Well, I’m officially a Stargate Universe fan. I’m hooked and for good reason, too. The show’s damn good.

I’ve wrote extensively about SGU here and started out as a skeptic like many of you. It’s totally different than either SG-1 or Atlantis that came before it. I think it took everyone off guard. Instead of being a continuation of the previous series, it’s a total reboot. The episodes are no longer shot clearly for syndication and full of quirky dialog riddled with inside jokes. No, Universe is more Battlestar Galatica than SG-1; it’s more Lost than Atlantis – and I like, but it took me a season and half to get here.

That’s the problem with throwing out the mold and trying something new. It alienates the core audience. Universe doesn’t have a Jack O’Neill, Meredith McKay or even a trademark alien like Teal’c. It’s totally different and managed to trudge through the first season with an unnecessary amount of backstory nonsense. There was always the trademark Stargate story arc of this ancient ship casing the edge of space that kept me watching week after week. After all, I’m a die-hard Stargate fan, ranking SG-1 only after Top Gear as my favorite shows of all time.

It wasn’t until the last episodes of the first season that the backstories were replaced with classic Stargate storylines. Suddenly the Lucian Alliance was in play and attempting to reach the Destiny. It finally felt like Stargate again. It got only better this season, too. The ridiculous use of the communication stones stopped almost entirely. There was more aliens, crazy worlds, and just tonight, a out-of-body experience that casts the shows main characters as random townfolk in a story located in a random midwest town. Stargate is finally back.

I stuck around partly because of my Stargate allegiance, but also because the story showed so much promise. It just works for me that there’s this massive and mysterious spacecraft traveling for millions upon millions of years that’s suddenly occupied by dozens of seemingly unqualified personal. It’s almost like the traveling into the unknown part of Star Trek Voyager with the home base aspect of DS9 and staffed with the crew from Enterprise. And finally, with season two, it has the Stargate storytelling.
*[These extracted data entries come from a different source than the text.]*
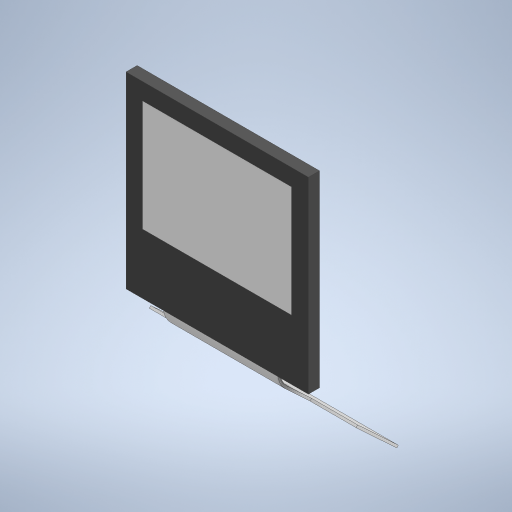
# Autodesk Inventor part: 0_42_oled
Saved by Autodesk Inventor 2023 (Build 270158000, 158)
## iProperties
Created: 2024-03-19
Part Number: 0_42_oled
Material: Generic
Document SubType Name: Modeling
Designer: noname
Density: 1 g/cm^3
Appearance: Default
Author: noname
Autodesk Inventor part; units mm, degrees
ref_plane "YZ Plane" through (0, 0, 0) normal (1, 0, 0) x (0, 1, 0)
ref_plane "XZ Plane" through (0, 0, 0) normal (0, 1, 0) x (-1, 0, 0)
ref_plane "XY Plane" through (0, 0, 0) normal (0, 0, 1) x (1, 0, 0)
sketch "Sketch2" plane through (0, 0, 0) normal (0, 0, 1) x (1, 0, 0)
  line L0 (-8.2, 0) -> (8.2, 0)
  line L1 (8.2, 0) -> (8.2, 16.9)
  line L2 (8.2, 16.9) -> (-8.2, 16.9)
  line L3 (-8.2, 16.9) -> (-8.2, 0)
  point P0 (0, 0)
  point P1 (0, 0)
  dimension "d0" = 16.4
  dimension "d1" = 16.9
  constraints: 8 end point, 2 parallel, 1 coincident, 1 horizontal, 1 midpoint, 1 perpendicular
  measures "d0" distance between parallel lines of L1 L3
  measures "d1" distance between parallel lines of L0 L2
extrude "Extrusion1" add sketch "Sketch2" along normal blind 1
ref_plane "Work Plane1" through (0, 0, 0.25) normal (0, 0, -1) x (-1, 0, 0)
sketch "Sketch5" plane through (0, 0, 0) normal (0, 0, -1) x (-1, 0, 0)
  line L0 (-6.7, 5.4) -> (6.7, 5.4)
  line L1 (6.7, 5.4) -> (6.7, 15.4)
  line L2 (6.7, 15.4) -> (-6.7, 15.4)
  line L3 (-6.7, 15.4) -> (-6.7, 5.4)
  line L4 (8.2, 16.9) -> (8.2, 0) projected
  line L5 (8.2, 0) -> (-8.2, 0) projected
  line L6 (-8.2, 16.9) -> (8.2, 16.9) projected
  point P0 (0, 0)
  point P1 (0, 5.4)
  point P2 (0, 0)
  dimension "d13" = 10
  dimension "d15" = 1.5
  dimension "d16" = 1.5
  constraints: 8 end point, 2 midpoint, 2 parallel, 1 horizontal, 1 perpendicular, 1 vertical alignment
  measures "d13" distance between parallel lines of L2 L0
  measures "d15" distance between parallel lines of L4 L1
  measures "d16" distance between parallel lines of L6 L2
ref_plane "Work Plane2" through (0, 0, 0) normal (1, 0, 0) x (0, 0, -1)
sketch "Sketch7" plane through (0, 0, 0) normal (1, 0, 0) x (0, 0, -1)
  arc A0 (-0.5, 0) -> (0.136, -1.4627) centre (1.5, 0) ccw
  line L0 (0, 0) -> (-1, 0) projected
  line L1 (0.136, -1.4627) -> (5.9868, -6.9187)
  line L2 (0, 16.9) -> (0, 0) projected
  line L3 (5.8504, -7.065) -> (-0.0004, -1.609)
  arc A1 (-0.7, 0) -> (-0.0004, -1.609) centre (1.5, 0) ccw
  line L4 (5.8504, -7.065) -> (5.9868, -6.9187)
  point P0 (5.9186, -6.9918)
  dimension "d19" = 2
  dimension "d22" = 43
  dimension "d23" = 0.5
  dimension "d24" = 0.2
  dimension "d33" = 8
  constraints: 6 end point, 4 point on circle, 2 centre point, 2 midpoint, 1 line through centre, 1 perpendicular, 1 point on line, 1 tangent, 1 other
  measures "d19" radius of A0
  measures "d22" angle of L0 L1
  measures "d23" distance from line of L2 A0.start
  measures "d24" distance between parallel lines of L1 L3
  measures "d33" distance of L1.start L1.end
extrude "Extrusion4" add sketch "Sketch7" along normal mid plane 10.3
sketch "Sketch8" plane through (0, 0, 0) normal (1, 0, 0) x (0, 0, -1)
  arc A0 (-0.5, 0) -> (0.136, -1.4627) centre (1.5, 0) ccw projected
  line L0 (-0.7, 0) -> (-0.5, 0) projected
  arc A1 (-0.7, 0) -> (-0.0004, -1.609) centre (1.5, 0) ccw construction
  line L1 (-0.0004, -1.609) -> (5.8504, -7.065) projected
  line L2 (5.8504, -7.065) -> (5.9868, -6.9187) projected
  line L3 (5.9868, -6.9187) -> (0.136, -1.4627) projected
  line L4 (2.1937, -3.655) -> (2.3301, -3.5087)
  point P0 (0, 0)
  dimension "d28" = 5
  constraints: 2 end point, 2 point on line, 1 perpendicular
  measures "d28" distance between parallel lines of L2 L4
extrude "Extrusion5" add sketch "Sketch8" along normal mid plane 18.6
sketch "Sketch9" plane through (0, 0, 1) normal (0, 0, 1) x (1, 0, 0)
  line L0 (6.7, 15.4) -> (6.7, 5.4) projected
  line L1 (6.7, 5.4) -> (-6.7, 5.4) projected
  line L2 (-6.7, 5.4) -> (-6.7, 15.4) projected
  line L3 (-6.7, 15.4) -> (6.7, 15.4) projected
  point P0 (0, 0)
extrude "Extrusion6" add sketch "Sketch9" along normal blind 0.01
equation "\"BendRadius\" = Thickness"
equation "\"BendReliefWidth\" = Thickness"
equation "\"BendReliefDepth\" = 0.5 * Thickness"
equation "\"CornerReliefSize\" = 4 * Thickness"
equation "\"MinimumRemnant\" = 2 * Thickness"
equation "\"TransitionRadius\" = BendRadius"
equation "\"JacobiRadiusSize\" = BendRadius"
equation "\"GapSize\" = Thickness"
equation "\"Thickness\" = 0.2"
body "Solid1"

I’m sold although it really doesn’t changes anything for me. I would have continued to watch the show even if they killed off Jack in some sort of fishing accident, let Samatha Carter get pregnant, and found a way to allow the Destiny to turn around and reach Earth within a couple of episodes — but I wouldn’t have liked it. No, I gave the show its fair share of criticism when it first started and so it’s only fair to offer up my humble praise when the show is finally getting it right.